You still can, if nothing is gooped on there too badly.


----------



## Khorne's Fist (Jul 18, 2008)

Get your hands on this stuff. You can pick it up on evilbay. It's changed my attitude to decals altogether. Gloss varnish, wash the area with microsol, apply decal, then some more microsol on top, leave to soften a bit, gently use a brush to remove bubbles or mold to details, add a touch more of this stuff. A final coat of gloss varnish when completely dry. It actually forms a chemical bond to the varnish so you can't see the transparent edging that normally needs painting over. Well worth the few quid.

EDIT: 6000 posts!


----------



## Words_of_Truth (Sep 20, 2007)

Do you do the entire area or just the part where the transfer will go, like should I do the entire pad?


----------



## falcoso (Apr 7, 2012)

Most of my transfers go on shoulder pads so I generally varnish the entire area before putting it on, but if say it is on a vehicle just do the areas the transfer is going on, just make sure you matte varnish it at the end to stop i standing out


----------



## Words_of_Truth (Sep 20, 2007)

I'm using the Lahmian Medium, it kind of does it still see a bit though.


----------



## GutCheck (Apr 28, 2009)

I use Rejuvenate Floor Restorer Protectant, but I'm pretty sure any floor polish will work. It's basically polyurethane. For shoulder pads I put a little on the shoulder pad and then float my decal on. I let the floor polish cure a little and then put a little more on. I am basically trapping the decal between two thin layers of polyurethane; a little matt coat once it dries and you're done.


----------



## Khorne's Fist (Jul 18, 2008)

Words_of_Truth said:


> Do you do the entire area or just the part where the transfer will go, like should I do the entire pad?
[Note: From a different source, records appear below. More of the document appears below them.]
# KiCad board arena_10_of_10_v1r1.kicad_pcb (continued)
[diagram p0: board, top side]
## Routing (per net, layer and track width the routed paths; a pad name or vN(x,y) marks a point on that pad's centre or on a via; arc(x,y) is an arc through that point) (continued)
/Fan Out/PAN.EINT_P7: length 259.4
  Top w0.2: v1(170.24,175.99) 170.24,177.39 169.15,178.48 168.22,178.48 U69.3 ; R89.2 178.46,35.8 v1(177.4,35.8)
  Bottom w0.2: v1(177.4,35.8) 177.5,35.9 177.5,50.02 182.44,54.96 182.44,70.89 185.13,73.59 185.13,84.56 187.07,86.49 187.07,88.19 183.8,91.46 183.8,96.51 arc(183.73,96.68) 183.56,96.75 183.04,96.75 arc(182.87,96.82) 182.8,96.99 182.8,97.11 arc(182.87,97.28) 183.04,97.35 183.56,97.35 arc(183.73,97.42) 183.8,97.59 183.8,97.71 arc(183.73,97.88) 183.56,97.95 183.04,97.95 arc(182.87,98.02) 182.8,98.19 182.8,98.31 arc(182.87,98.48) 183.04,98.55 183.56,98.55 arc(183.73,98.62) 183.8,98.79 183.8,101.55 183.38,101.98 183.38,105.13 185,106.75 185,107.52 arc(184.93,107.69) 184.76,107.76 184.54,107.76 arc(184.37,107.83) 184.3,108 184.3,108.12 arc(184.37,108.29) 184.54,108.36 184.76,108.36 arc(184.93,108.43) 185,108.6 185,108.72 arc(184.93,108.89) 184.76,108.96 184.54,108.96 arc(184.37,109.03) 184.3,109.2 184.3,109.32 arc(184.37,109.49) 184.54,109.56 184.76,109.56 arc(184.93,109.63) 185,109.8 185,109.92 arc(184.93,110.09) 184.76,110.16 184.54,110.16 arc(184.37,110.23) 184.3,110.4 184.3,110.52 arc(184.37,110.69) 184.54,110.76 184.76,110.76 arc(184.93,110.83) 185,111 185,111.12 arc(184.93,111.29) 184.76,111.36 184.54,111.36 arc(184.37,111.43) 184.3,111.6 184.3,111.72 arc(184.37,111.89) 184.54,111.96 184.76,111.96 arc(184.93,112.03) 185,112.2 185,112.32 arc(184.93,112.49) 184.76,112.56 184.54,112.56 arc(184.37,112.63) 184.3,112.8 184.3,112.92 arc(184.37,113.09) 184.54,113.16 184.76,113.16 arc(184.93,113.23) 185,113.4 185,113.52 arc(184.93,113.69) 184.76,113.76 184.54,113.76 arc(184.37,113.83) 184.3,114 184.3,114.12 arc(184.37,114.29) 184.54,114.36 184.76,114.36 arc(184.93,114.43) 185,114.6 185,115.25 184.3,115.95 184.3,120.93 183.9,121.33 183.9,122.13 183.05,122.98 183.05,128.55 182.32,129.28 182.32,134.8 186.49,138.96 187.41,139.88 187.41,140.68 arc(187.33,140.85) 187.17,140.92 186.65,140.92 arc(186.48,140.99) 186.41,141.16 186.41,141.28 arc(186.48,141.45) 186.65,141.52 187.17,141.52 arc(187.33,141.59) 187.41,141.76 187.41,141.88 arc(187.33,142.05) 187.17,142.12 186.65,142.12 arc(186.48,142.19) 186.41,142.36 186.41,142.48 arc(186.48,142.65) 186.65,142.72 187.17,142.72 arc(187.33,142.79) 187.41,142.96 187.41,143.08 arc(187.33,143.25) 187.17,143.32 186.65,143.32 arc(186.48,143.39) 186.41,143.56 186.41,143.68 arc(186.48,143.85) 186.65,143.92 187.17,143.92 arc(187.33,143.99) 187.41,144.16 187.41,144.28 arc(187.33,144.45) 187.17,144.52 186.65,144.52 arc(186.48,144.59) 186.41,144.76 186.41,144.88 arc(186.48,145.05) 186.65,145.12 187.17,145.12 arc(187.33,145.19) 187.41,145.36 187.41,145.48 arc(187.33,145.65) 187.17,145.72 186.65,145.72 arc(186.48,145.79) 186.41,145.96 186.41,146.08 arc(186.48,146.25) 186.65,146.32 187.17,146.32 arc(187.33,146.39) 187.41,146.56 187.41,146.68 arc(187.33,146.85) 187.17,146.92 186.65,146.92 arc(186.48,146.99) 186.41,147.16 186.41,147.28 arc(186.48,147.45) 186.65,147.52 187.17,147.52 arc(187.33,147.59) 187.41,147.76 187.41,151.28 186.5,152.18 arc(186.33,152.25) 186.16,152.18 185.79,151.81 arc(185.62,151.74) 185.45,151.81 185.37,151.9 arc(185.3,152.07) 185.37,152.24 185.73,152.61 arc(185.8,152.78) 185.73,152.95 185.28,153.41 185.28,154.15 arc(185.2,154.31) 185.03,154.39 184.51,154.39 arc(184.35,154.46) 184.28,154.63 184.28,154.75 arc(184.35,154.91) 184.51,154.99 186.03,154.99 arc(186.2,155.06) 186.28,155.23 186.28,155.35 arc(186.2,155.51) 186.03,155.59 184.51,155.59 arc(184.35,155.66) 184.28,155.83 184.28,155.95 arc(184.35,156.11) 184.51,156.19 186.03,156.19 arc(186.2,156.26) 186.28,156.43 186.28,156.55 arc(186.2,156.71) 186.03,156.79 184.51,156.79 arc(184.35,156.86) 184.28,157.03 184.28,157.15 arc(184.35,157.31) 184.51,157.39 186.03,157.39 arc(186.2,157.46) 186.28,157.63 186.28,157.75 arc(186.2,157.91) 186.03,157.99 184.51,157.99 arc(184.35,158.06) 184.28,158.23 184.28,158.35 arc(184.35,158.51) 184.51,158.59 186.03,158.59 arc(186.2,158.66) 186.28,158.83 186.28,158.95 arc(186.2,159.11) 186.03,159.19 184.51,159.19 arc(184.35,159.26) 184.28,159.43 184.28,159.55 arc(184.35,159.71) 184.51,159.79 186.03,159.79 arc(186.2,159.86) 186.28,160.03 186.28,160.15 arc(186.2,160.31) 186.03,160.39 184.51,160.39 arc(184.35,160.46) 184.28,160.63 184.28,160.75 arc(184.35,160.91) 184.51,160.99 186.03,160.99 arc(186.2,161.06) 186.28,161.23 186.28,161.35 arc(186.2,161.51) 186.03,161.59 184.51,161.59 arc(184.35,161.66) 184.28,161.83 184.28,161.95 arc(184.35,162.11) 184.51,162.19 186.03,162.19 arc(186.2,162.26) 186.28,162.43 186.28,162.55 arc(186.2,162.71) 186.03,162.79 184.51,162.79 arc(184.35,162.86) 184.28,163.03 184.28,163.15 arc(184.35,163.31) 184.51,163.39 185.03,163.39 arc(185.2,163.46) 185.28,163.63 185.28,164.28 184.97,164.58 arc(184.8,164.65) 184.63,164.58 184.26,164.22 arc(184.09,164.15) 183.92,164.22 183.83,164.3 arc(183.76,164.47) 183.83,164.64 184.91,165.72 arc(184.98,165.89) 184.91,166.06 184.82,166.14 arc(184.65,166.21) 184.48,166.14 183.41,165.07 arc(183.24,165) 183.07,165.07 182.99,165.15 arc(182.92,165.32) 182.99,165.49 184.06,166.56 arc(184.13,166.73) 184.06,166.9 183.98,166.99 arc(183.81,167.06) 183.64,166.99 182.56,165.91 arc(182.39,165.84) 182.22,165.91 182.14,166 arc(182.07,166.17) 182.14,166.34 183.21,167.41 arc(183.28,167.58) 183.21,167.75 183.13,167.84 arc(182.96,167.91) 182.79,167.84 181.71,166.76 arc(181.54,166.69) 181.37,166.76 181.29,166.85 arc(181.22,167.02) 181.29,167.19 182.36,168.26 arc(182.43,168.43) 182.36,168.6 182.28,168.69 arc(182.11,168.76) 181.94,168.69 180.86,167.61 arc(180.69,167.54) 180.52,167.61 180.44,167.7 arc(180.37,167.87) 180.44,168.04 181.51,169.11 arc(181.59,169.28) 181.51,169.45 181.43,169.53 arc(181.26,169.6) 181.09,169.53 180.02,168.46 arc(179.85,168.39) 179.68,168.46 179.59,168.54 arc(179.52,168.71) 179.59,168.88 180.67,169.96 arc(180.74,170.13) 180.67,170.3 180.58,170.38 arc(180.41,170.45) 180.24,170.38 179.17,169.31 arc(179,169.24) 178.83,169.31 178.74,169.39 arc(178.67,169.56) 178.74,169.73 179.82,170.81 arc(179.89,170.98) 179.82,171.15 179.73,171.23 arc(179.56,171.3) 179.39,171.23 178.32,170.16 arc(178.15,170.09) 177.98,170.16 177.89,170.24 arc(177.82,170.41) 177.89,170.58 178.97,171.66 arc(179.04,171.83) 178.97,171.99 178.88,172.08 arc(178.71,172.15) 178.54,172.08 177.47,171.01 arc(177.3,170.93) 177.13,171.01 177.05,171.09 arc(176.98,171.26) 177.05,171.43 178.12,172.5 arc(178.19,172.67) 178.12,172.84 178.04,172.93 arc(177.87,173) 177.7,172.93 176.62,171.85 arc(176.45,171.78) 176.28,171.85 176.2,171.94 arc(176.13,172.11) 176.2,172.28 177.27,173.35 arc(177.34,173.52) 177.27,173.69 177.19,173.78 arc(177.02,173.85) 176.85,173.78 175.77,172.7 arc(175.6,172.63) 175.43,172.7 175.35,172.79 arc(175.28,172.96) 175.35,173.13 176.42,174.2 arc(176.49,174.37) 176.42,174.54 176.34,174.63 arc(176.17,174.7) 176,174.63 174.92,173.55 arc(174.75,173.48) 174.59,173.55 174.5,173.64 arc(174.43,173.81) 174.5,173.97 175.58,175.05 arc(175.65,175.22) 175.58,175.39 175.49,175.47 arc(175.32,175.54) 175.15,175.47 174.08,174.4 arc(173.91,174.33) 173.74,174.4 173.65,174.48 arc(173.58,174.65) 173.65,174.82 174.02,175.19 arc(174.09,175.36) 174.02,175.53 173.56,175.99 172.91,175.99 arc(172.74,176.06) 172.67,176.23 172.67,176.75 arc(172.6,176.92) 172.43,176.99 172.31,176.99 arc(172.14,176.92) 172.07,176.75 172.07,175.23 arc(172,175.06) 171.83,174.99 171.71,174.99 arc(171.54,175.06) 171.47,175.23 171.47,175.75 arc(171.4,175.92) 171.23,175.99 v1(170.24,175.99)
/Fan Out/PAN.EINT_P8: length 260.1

Just under where the decal goes. Don't be too fussy though, it won't damage the paint wherever it ends up.


----------



## Nacho libre (Feb 23, 2013)

'ard coat if you want a glossy finish

lahmian medium if you want a matte finish


----------



## SwedeMarine (Jun 3, 2013)

GutCheck said:


> I use Rejuvenate Floor Restorer Protectant, but I'm pretty sure any floor polish will work. It's basically polyurethane. For shoulder pads I put a little on the shoulder pad and then float my decal on. I let the floor polish cure a little and then put a little more on. I am basically trapping the decal between two thin layers of polyurethane; a little matt coat once it dries and you're done.


im intrigued by this. Can you show any examples of doing it this way? like a few WIP shots? i want to see how it compares to the traditional method for doing this.


----------



## GutCheck (Apr 28, 2009)

*Examples of Rejuvenation Floor Polish Decals*



SwedeMarine said:


> im intrigued by this. Can you show any examples of doing it this way? like a few WIP shots? i want to see how it compares to the traditional method for doing this.


I can take a few snap shots of finished models, if that's ok... I'm not working on anybody in power armor at the moment.

Long Fangs - Right


Long Fangs - Left


Let me see if I can find some model to put a decal on... 
:victory:


----------



## Words_of_Truth (Sep 20, 2007)

I've done three of my own so far, think they've come out ok. Atm I'm just adding the transfer putting some lahmian medium over it, then putting a layer of ard coat followed by another layer of lahmian medium, seems to be doing the job.


----------